# So far, I paid less than $100 for more than $1000 of stuff in the last few weeks.



## Osenator (Nov 11, 2011)

OH MY GOD, IT'S ALREADY THE SECOND DAY OF THE YEAR! I NEED MY HALLOWEEN FIX, NOW!
AND I SOMEHOW GOT IT!!!!!!!!!!!!!!!
Yes, I scored another AMAZING score... and somre REAL halloween stuff too (not amazing props, but for the price.. holy crap!)... for something like 99% OFF... Here is a preview...
My receit : (Original prices, left colum, what I paid, right colum, as 29.99, paid 1.49...) 

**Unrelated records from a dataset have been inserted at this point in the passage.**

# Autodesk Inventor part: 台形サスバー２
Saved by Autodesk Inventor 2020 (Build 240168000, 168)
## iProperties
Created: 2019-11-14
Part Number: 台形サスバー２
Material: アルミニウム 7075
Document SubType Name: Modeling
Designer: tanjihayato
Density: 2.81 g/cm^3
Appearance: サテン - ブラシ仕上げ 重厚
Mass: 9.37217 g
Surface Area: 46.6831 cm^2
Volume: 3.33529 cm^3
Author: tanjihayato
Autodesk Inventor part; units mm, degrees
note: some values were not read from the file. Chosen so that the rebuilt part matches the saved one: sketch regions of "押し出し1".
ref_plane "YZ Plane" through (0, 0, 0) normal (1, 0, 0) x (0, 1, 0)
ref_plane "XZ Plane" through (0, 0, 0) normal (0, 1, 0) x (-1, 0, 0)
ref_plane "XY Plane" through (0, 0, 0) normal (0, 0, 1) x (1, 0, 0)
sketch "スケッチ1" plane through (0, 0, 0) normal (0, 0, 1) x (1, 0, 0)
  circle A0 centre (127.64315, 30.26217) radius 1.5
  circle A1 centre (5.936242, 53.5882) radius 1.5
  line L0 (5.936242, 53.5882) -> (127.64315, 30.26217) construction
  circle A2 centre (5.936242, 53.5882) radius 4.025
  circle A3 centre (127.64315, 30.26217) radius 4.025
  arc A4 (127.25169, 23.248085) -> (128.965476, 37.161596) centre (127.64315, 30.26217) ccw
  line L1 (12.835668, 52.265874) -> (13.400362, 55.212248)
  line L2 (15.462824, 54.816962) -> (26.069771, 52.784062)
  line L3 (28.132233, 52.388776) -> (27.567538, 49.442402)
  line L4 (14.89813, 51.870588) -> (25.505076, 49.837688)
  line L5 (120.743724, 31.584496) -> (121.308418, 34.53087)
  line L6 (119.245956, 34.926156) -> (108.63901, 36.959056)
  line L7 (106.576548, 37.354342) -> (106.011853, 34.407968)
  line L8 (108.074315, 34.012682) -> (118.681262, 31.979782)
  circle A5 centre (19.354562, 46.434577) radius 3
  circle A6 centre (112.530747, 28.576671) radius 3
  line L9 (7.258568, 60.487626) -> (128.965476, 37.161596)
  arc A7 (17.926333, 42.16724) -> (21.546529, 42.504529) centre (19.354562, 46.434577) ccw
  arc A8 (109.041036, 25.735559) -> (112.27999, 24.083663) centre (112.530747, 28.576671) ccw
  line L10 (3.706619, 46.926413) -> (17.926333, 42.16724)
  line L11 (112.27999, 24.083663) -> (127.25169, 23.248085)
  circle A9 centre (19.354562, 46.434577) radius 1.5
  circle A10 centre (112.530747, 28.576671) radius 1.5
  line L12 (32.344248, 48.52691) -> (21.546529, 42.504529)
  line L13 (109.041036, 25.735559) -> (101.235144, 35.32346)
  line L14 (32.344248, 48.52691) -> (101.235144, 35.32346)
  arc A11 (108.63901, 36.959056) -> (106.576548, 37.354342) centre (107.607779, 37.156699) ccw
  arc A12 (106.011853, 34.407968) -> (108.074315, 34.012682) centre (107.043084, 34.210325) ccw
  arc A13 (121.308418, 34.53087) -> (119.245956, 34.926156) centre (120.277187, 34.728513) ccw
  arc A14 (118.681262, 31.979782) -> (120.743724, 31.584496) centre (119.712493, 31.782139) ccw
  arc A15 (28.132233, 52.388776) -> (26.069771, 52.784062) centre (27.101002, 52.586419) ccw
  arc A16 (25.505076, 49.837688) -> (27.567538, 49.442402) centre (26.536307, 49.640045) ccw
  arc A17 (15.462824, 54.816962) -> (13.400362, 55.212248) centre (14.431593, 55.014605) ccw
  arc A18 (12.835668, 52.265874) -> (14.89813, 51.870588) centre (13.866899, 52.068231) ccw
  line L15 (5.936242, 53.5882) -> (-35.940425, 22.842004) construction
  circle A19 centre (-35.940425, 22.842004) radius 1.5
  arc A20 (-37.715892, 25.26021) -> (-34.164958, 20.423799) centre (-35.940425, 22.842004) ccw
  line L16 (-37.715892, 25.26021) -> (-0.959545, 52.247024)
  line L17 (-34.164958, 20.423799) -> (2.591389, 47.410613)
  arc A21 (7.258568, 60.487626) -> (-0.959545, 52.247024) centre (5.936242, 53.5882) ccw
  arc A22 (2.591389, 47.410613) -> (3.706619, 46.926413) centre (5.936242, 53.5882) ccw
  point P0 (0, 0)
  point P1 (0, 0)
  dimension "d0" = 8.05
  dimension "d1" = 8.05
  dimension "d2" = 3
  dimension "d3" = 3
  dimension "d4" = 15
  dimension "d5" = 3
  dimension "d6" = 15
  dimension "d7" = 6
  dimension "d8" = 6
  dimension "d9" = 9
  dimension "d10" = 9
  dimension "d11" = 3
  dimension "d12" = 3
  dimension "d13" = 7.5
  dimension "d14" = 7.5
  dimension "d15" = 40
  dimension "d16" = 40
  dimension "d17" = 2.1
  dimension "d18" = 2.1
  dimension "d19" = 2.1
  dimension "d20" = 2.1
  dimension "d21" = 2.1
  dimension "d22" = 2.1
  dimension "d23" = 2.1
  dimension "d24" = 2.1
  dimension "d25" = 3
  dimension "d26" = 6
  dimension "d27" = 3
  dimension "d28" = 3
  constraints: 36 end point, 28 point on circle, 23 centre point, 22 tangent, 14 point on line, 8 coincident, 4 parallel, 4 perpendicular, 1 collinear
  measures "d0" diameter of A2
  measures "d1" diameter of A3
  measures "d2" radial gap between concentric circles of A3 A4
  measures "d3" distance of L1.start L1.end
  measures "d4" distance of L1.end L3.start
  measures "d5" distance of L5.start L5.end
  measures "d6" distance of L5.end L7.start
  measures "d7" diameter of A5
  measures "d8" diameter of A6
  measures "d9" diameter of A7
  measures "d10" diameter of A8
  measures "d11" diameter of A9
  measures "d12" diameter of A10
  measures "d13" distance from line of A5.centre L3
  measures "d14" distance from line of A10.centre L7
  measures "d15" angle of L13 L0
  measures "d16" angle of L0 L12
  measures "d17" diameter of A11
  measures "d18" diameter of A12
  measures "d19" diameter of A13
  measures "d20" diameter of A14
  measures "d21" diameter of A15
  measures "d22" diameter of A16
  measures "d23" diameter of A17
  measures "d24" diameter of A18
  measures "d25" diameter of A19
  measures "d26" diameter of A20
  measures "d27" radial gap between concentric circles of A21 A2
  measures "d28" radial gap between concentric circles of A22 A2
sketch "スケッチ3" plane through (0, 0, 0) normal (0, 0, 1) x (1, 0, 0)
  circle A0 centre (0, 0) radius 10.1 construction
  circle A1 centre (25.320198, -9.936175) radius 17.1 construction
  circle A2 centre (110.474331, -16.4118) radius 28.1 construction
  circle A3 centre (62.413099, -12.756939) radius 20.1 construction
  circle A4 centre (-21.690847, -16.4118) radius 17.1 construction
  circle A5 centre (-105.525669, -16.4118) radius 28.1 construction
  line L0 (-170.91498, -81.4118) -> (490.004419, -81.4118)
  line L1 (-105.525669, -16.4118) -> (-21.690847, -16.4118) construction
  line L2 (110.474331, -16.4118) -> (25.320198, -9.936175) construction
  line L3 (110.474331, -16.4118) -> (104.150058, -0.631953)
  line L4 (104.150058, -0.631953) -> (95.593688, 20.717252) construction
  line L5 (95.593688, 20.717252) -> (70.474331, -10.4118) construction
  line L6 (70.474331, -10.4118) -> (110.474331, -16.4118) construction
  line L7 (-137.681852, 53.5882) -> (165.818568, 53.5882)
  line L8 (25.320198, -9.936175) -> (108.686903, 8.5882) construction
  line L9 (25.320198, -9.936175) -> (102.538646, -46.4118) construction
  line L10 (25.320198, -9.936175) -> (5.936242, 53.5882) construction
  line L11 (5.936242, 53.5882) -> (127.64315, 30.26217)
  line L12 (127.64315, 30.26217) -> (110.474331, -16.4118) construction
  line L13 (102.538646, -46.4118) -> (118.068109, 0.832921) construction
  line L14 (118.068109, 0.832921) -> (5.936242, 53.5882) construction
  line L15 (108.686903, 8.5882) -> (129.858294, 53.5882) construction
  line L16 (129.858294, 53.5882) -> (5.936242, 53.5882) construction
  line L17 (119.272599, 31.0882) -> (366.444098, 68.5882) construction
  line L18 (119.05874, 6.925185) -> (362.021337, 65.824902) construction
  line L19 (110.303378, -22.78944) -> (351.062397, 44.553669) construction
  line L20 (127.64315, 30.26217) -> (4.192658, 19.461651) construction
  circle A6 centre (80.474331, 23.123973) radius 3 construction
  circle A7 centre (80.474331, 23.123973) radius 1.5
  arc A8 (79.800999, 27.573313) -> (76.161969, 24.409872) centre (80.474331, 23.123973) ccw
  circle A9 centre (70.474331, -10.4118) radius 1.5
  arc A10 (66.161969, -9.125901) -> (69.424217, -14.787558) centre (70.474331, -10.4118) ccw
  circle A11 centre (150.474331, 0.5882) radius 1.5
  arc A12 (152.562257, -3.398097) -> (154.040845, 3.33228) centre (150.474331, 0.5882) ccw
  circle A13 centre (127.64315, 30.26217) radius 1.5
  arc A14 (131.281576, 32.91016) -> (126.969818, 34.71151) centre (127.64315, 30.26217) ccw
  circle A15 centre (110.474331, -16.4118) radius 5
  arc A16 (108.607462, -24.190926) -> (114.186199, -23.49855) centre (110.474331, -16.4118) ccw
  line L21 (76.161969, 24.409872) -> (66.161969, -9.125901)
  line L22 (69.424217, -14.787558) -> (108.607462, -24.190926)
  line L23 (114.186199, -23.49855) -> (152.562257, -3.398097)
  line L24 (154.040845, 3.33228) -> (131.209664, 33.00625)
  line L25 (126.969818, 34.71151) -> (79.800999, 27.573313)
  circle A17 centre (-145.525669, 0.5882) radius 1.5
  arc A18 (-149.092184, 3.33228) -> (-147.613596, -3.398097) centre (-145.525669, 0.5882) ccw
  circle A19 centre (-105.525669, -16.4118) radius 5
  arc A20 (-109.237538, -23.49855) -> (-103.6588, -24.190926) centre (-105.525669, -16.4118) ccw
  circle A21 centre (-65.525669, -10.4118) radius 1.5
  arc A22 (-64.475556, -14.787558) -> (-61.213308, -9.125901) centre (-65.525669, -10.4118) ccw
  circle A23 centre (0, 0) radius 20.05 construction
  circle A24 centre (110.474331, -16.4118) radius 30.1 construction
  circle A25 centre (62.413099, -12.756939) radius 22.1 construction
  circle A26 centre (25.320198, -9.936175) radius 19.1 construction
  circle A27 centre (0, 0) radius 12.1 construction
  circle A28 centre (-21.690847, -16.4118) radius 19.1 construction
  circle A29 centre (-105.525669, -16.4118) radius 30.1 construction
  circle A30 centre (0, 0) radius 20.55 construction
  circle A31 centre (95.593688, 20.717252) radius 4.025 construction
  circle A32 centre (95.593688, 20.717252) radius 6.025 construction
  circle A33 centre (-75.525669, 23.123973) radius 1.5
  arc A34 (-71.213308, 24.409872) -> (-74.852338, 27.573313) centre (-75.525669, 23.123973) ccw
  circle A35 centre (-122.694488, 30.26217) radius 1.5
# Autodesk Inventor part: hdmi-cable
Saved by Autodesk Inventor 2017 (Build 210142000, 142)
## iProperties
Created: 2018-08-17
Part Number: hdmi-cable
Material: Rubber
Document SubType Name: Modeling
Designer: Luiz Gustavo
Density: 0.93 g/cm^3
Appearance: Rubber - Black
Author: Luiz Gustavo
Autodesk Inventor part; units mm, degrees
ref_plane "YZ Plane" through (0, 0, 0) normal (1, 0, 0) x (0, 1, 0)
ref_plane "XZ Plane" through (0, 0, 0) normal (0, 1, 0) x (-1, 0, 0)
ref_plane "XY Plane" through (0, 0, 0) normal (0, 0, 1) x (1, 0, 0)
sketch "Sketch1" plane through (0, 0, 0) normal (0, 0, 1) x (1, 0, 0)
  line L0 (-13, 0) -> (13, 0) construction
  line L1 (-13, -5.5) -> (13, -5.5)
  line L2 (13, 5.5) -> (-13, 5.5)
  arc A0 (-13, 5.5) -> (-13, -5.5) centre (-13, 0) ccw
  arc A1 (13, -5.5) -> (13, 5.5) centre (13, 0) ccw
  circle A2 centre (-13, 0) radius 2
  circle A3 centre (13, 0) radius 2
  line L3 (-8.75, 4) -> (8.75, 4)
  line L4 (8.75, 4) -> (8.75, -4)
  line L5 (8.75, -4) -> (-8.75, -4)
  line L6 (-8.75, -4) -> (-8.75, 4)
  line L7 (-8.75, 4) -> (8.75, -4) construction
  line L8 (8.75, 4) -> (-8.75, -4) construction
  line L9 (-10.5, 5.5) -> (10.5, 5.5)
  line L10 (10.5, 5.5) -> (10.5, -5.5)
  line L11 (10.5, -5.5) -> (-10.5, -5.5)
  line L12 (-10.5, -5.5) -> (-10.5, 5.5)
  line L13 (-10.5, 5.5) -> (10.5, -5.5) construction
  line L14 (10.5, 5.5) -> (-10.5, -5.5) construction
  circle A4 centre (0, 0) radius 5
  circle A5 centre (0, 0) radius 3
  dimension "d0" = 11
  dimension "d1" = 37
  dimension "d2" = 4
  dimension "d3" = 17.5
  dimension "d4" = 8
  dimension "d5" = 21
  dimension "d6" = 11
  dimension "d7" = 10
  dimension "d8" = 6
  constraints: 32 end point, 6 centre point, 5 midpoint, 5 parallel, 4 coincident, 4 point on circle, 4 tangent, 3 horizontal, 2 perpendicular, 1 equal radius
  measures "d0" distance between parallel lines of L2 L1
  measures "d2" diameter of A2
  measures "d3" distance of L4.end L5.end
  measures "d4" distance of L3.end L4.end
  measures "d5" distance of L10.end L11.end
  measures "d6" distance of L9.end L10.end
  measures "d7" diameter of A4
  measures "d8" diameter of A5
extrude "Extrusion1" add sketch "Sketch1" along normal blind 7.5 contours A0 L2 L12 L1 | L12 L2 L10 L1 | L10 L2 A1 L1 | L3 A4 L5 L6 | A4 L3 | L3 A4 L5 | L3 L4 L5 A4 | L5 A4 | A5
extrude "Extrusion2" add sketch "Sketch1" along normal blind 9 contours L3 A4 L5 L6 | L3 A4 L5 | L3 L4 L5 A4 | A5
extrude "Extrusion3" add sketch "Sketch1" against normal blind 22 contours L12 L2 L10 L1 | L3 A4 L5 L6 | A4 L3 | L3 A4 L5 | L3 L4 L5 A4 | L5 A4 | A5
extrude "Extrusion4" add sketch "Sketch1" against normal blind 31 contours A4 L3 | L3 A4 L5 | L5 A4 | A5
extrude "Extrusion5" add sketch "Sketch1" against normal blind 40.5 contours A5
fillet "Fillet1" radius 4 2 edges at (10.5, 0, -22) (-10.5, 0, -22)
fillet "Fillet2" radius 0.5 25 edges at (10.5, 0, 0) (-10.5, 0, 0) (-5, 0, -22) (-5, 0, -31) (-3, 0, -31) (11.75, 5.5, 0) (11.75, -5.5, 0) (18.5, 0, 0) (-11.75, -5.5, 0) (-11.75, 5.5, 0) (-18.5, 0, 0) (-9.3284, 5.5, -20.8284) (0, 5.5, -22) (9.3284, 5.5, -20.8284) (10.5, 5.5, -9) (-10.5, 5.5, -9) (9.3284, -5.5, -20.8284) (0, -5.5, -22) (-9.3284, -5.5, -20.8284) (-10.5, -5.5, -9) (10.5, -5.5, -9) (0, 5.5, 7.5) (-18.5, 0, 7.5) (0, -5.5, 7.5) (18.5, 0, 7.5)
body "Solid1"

Will post pics and vid tomorrow.
TOTAL PAID : 21.34$, with tax, 24.11$


----------



## Copchick (Apr 10, 2012)

Whoa! Nice score indeed. I checked out your total savings too, awesome!


----------



## Dr. Maniaco (Sep 7, 2012)

Holy Cow! Great savings ... I can't find anywhere here that has Halloween stuff out anymore. Valentine's Day and Easter I can find ...


----------



## Hairazor (Mar 13, 2012)

You sure know how to shop!!


----------



## Osenator (Nov 11, 2011)

See my galleries for more pics of my new haul!


----------



## Osenator (Nov 11, 2011)

*Attention, Canadiens! Check your Zellers for liquidations! I score a huge hail!*

Since Zellers are closing aorund Canada, they are liquidating everything, and yesterday, I scored 410$ worth of Halloween stuff for 24$ only (see tread I created about it and my gallery).

Good luck!

JM


----------



## EverydayisHalloween311 (Oct 14, 2011)

Sweet score!


----------



## MommaMoose (May 15, 2010)

Awesome haul!!! Were did you go?


----------



## Osenator (Nov 11, 2011)

At Zellers, they are all closing in Canada, being replace by Target. Everything is in liquidation.


----------



## scareme (Aug 29, 2006)

I should go shopping with you. I can never find deals like that. Great score!


----------



## MapThePlanet (Nov 12, 2010)

Very nice haul!


----------



## Haunted girl (Sep 29, 2012)

AWESOME!! wish i had a store like that with halloween still. They were putting out christmas and v-day stuff here when we still had 2 weeks until halloween. (facepalm) My city doesnt have the scare spirit i do i guess.


----------



## Jack Mac (Nov 28, 2012)

Congrats on a great score! Nice way to start the new year by getting a jump on your haunt stash.


----------



## CreeepyCathy (Mar 28, 2009)

wow!! great score!


----------



## Osenator (Nov 11, 2011)

*DAy 5 in the new year, Scored another hit! just scored another Shiatsu Massager!*

I just scored my second Shiatsu Massager for again, only 8$, again. Thank's to Doto's help, we built my favorite project of last year with my first massager. This year, I want to make a standing prop, if possible. I might use one of the 4 recently aquired vampire.

Please see also my other vids of my first shiatsu zombie to see it, it was my favorite building prop of the year, I think.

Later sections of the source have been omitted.